Sha Phaley
Fried meat-stuffed bread pockets — minced beef or pork mixed with cabbage, ginger, garlic, spring onion, and Sichuan pepper enclosed in a round of unleavened dough, folded into a half-moon, sealed firmly, and deep-fried in oil until the exterior is golden-brown and blistered. The Sikkimese and Tibetan sha phaley (also spelled shabalay) is the Himalayan answer to the samosa or empanada; the Sichuan pepper in the filling is the identifying flavour note, delivering a numbing, citrusy tingle on the palate along with the pork and cabbage filling. Sold at every market stall in Gangtok's MG Road; eaten as a snack with hot sauce or as a meal alongside thukpa.
Cuisines
Sikkimese
Arunachali
Best for
Breakfast
Lunch
Snacks
Recipe
Prep: 30 min
Cook: 20 min
Total: 50 min
2-3 servings
Ingredients
| 1 cup | all-purpose flour |
| 1/2 cup | water |
| 1/2 teaspoon | salt |
| 200 grams | ground beef |
| 1 medium | onion, finely chopped |
| 2 cloves | garlic, minced |
| 1 teaspoon | ginger, grated |
| 1 teaspoon | soy sauce |
| 1 teaspoon | cumin powder |
| 1 teaspoon | coriander powder |
| 1 | green chili, finely chopped |
| — | salt to taste |
| — | oil for frying |
Instructions
- 1 In a bowl, mix the flour and salt, then gradually add water to form a smooth dough. Knead well and let it rest for 20 minutes.

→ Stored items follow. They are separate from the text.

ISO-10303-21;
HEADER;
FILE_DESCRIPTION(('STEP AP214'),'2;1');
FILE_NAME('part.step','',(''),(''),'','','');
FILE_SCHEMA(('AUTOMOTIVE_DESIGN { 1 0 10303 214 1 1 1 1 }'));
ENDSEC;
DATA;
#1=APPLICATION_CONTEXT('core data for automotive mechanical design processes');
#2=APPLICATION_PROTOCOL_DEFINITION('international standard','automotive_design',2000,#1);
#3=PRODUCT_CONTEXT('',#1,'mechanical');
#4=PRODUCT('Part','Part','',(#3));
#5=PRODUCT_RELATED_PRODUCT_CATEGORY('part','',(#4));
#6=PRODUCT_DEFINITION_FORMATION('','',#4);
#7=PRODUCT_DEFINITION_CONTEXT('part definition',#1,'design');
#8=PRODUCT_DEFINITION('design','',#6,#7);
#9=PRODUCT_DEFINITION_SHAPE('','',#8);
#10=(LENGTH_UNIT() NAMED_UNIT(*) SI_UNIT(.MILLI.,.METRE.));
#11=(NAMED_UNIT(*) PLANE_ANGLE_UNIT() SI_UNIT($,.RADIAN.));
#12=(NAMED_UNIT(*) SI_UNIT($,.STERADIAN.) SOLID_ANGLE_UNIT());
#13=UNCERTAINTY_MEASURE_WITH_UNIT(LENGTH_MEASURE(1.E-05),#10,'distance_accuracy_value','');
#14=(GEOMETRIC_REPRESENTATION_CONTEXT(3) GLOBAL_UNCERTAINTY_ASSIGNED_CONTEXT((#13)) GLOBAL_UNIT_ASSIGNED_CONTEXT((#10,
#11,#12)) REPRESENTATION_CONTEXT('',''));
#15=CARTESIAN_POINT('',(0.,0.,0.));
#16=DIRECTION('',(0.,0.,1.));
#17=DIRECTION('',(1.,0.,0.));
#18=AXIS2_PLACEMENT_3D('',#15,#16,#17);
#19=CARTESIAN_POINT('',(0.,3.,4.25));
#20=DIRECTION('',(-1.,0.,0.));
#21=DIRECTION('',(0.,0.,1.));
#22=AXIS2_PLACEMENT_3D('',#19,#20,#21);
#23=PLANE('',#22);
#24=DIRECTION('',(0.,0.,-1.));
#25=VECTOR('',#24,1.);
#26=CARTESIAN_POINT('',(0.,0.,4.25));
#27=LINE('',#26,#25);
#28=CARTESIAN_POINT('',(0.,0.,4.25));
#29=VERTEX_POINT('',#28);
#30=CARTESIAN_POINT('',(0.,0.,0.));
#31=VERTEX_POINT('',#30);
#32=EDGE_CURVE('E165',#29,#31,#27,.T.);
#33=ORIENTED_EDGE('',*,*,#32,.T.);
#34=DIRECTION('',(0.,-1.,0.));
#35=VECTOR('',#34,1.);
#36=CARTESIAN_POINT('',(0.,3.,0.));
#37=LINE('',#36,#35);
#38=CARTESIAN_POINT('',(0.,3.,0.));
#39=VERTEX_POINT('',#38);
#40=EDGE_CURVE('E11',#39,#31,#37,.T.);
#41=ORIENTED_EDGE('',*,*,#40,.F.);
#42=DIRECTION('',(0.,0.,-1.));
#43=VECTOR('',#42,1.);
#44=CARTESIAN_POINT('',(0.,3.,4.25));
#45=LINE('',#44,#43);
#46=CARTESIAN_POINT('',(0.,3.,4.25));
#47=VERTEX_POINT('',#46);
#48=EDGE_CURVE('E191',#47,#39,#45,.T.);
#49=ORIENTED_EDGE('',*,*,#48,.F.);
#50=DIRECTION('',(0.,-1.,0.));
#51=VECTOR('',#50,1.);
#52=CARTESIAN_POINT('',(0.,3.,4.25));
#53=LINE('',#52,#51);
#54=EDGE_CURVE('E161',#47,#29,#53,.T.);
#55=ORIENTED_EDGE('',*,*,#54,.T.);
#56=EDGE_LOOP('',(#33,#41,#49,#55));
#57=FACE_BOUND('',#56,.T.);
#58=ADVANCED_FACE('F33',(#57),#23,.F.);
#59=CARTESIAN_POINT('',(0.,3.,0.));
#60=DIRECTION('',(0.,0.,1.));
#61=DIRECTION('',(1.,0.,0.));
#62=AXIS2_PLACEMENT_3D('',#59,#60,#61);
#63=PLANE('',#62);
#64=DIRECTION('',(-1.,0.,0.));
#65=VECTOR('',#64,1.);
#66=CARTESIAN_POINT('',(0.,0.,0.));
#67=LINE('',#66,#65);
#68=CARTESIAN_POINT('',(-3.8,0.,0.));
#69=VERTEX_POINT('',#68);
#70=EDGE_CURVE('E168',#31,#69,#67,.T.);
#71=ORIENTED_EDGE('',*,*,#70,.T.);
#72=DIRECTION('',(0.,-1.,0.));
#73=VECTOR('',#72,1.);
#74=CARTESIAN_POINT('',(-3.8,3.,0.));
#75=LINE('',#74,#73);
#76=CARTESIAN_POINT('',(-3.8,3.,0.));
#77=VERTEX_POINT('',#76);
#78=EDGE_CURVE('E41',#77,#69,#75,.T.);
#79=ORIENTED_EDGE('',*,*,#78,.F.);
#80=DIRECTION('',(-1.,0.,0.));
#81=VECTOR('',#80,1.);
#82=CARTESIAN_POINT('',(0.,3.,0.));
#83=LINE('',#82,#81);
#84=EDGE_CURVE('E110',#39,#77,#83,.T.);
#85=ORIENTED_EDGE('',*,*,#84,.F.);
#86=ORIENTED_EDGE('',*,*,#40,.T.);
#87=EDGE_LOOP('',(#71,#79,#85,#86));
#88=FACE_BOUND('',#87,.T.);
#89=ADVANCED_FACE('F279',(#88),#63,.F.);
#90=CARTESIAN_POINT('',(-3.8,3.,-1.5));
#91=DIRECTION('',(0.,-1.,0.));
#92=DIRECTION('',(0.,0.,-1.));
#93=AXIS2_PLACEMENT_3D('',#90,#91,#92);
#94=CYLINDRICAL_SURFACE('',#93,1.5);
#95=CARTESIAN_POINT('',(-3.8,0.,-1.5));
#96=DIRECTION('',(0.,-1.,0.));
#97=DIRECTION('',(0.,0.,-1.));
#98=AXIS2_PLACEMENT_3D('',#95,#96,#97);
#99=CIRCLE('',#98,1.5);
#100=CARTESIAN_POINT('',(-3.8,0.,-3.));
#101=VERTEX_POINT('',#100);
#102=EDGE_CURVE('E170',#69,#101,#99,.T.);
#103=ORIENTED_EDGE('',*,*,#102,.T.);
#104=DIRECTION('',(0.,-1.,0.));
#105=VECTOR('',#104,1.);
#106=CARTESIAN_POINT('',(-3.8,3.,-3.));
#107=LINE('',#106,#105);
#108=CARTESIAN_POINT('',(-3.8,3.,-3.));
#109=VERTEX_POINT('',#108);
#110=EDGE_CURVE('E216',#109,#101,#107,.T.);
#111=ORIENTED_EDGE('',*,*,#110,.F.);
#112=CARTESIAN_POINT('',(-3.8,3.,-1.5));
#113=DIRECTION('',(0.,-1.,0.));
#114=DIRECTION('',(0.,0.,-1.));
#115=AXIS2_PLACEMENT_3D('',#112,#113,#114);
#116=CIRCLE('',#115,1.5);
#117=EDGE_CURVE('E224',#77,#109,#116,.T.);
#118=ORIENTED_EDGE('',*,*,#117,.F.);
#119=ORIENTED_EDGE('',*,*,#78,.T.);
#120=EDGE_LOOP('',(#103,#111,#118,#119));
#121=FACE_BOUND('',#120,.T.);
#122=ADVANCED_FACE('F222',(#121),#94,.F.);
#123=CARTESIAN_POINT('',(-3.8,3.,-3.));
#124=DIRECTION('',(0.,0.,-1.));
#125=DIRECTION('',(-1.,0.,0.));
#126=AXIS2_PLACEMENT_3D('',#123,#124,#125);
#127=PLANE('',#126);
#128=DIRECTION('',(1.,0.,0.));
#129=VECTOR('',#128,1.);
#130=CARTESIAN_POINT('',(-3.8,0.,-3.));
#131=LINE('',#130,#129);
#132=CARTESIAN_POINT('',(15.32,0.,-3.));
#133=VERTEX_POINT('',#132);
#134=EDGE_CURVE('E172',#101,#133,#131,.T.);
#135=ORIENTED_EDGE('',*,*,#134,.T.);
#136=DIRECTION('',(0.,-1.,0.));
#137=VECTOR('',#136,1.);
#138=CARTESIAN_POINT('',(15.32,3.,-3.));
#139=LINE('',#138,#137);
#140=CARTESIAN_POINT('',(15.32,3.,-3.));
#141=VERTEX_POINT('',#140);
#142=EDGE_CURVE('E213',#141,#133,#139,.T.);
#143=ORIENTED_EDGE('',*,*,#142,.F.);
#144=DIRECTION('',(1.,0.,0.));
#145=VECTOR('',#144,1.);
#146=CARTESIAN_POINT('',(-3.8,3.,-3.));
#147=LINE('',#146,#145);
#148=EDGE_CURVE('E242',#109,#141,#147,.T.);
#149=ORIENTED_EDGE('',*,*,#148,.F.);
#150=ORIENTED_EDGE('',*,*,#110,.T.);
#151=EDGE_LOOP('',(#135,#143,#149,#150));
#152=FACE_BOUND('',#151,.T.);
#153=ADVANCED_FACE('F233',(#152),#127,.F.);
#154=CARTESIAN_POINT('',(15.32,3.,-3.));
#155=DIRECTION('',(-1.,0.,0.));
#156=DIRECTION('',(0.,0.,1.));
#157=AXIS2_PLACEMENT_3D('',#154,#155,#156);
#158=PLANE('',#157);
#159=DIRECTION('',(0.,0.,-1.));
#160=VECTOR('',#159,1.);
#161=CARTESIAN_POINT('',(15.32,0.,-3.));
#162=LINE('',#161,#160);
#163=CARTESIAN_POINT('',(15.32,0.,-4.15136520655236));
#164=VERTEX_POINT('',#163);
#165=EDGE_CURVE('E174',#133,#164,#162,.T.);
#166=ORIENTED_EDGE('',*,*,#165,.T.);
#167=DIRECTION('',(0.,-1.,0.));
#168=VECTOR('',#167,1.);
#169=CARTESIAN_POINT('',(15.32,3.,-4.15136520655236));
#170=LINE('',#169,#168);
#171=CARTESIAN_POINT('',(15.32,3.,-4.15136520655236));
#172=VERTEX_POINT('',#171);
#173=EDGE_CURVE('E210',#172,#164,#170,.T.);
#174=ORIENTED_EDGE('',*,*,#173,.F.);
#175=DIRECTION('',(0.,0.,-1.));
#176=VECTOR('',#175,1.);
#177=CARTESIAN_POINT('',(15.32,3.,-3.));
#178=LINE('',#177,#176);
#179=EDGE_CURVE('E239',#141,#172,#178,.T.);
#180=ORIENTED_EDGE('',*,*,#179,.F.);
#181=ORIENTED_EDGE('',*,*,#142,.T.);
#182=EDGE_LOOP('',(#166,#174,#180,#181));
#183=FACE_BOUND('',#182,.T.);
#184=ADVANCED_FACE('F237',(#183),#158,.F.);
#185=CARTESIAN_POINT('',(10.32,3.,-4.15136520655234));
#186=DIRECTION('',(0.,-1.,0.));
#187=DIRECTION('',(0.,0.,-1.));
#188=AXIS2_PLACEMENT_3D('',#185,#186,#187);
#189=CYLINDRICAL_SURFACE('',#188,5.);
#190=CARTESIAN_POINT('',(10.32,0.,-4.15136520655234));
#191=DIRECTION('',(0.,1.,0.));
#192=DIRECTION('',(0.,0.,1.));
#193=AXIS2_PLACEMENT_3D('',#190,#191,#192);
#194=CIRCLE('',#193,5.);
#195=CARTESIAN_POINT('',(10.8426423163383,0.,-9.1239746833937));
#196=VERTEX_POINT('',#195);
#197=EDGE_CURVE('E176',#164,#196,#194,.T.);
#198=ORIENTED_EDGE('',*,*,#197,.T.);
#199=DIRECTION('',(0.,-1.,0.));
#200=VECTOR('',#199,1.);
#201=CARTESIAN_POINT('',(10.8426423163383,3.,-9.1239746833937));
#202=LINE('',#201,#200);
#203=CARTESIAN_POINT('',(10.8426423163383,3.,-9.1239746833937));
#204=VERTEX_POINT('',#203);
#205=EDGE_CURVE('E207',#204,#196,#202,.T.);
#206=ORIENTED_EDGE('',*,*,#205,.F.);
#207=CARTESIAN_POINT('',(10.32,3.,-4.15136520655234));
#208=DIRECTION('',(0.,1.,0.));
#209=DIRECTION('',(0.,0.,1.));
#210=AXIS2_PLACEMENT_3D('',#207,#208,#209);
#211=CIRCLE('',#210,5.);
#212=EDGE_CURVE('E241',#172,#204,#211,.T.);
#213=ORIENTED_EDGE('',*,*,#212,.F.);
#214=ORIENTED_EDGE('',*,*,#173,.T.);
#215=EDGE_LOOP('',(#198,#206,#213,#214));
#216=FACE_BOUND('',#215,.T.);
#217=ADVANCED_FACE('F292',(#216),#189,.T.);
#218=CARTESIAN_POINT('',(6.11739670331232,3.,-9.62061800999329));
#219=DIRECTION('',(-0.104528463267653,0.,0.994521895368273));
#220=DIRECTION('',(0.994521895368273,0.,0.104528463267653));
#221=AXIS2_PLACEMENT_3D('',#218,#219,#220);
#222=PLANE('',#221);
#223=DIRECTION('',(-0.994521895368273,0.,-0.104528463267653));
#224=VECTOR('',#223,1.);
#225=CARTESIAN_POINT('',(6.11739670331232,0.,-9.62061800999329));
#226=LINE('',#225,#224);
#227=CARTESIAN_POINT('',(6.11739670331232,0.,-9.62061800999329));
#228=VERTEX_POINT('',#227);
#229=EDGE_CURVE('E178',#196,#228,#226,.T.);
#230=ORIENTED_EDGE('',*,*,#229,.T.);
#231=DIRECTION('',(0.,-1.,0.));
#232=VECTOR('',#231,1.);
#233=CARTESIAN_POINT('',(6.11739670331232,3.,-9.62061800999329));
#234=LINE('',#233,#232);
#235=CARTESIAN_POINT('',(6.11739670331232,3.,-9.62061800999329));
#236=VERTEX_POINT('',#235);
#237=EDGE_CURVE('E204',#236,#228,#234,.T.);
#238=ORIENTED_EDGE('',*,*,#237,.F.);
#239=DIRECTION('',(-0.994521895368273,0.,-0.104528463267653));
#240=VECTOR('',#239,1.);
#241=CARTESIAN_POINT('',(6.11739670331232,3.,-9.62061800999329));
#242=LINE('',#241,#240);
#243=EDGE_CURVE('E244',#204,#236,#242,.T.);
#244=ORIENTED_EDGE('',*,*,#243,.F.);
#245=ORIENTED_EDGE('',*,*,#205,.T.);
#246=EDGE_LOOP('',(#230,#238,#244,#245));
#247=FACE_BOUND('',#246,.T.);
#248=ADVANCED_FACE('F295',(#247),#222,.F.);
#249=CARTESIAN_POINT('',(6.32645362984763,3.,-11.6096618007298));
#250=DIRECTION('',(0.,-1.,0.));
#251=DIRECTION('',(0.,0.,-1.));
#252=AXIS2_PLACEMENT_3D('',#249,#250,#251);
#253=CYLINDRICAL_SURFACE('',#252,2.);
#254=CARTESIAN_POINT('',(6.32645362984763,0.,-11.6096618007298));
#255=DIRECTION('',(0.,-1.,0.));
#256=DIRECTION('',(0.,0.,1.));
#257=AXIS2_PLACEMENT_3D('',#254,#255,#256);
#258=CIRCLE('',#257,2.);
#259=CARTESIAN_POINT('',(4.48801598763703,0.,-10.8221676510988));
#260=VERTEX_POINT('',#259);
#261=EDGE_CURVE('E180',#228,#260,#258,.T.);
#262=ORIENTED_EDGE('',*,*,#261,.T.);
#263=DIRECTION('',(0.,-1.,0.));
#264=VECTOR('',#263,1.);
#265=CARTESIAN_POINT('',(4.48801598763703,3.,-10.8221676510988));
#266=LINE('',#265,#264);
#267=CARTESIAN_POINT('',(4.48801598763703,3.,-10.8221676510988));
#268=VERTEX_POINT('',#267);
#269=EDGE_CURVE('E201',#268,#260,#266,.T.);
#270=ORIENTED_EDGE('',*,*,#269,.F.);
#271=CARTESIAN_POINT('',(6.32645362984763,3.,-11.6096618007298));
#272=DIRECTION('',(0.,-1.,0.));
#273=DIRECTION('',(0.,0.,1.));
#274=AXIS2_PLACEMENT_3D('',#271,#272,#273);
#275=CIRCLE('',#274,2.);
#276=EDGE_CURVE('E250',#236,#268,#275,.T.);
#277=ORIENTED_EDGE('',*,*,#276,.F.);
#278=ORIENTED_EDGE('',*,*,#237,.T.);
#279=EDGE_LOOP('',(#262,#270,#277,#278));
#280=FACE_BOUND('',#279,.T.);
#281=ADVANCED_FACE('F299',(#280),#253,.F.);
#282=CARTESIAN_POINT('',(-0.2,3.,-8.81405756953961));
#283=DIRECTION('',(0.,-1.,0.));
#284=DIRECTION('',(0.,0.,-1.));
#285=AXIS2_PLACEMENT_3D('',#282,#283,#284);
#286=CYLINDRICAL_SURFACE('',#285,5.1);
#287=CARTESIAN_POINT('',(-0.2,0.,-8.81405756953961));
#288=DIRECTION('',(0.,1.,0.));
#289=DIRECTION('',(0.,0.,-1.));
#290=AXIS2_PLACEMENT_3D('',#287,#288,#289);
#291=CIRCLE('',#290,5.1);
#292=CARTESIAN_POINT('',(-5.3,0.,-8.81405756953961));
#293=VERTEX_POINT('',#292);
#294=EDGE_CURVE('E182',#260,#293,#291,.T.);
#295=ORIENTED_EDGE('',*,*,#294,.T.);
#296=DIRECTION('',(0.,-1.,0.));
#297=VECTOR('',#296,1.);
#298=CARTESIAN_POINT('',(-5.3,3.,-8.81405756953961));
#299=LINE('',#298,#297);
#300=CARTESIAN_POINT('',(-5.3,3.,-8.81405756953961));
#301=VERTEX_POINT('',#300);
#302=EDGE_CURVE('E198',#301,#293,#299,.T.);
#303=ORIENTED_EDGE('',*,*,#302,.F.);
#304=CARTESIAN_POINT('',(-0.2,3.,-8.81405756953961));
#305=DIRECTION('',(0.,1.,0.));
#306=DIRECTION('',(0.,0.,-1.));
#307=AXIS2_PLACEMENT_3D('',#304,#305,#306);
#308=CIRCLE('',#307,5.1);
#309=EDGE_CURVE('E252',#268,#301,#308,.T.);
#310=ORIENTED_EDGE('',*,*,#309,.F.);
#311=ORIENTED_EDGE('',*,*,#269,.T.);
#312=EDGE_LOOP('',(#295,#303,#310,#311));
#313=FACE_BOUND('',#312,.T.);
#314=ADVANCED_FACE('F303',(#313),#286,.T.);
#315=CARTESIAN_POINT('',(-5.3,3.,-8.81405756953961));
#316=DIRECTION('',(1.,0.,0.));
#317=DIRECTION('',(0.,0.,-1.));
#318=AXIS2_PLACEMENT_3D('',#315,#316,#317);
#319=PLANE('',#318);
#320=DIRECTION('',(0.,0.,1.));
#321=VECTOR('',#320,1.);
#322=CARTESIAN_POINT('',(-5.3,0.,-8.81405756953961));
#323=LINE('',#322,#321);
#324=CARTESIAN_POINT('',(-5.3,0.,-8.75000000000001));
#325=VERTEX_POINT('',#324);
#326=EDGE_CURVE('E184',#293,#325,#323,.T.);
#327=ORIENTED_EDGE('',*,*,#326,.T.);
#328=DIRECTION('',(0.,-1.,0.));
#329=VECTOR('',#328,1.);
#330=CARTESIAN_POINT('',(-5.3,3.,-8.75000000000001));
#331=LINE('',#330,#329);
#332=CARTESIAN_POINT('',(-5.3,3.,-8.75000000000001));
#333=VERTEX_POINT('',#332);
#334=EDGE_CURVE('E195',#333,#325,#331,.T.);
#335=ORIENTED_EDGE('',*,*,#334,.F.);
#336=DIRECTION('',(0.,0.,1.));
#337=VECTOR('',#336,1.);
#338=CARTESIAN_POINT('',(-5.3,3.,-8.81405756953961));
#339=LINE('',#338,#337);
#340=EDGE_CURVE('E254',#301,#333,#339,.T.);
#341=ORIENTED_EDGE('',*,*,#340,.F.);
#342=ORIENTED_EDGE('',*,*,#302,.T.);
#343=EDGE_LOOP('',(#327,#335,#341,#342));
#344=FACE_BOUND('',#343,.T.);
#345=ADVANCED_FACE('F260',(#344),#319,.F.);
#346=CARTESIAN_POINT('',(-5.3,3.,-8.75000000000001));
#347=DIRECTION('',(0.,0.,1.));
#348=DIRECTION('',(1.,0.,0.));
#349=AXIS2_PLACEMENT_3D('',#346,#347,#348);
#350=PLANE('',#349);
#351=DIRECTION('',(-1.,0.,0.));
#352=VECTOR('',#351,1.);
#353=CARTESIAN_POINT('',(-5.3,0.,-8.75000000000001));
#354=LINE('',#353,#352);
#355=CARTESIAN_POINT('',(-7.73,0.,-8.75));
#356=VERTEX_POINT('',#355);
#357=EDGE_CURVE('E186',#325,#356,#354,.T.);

- 2 In another bowl, combine the ground beef, chopped onion, garlic, ginger, soy sauce, cumin powder, coriander powder, green chili, and salt. Mix well to create the filling.
- 3 Divide the dough into small balls and roll each into a thin circle.
- 4 Place a spoonful of the beef mixture onto one half of each dough circle.
- 5 Fold the dough over to cover the filling and seal the edges by pressing them together.
- 6 Heat oil in a deep frying pan over medium heat.
- 7 Fry the sha phaley until golden brown and crispy on both sides, about 5-7 minutes per side.
- 8 Remove from oil and drain on paper towels.
- 9 Serve hot.
Tips
Ensure the edges are well-sealed to prevent the filling from leaking during frying.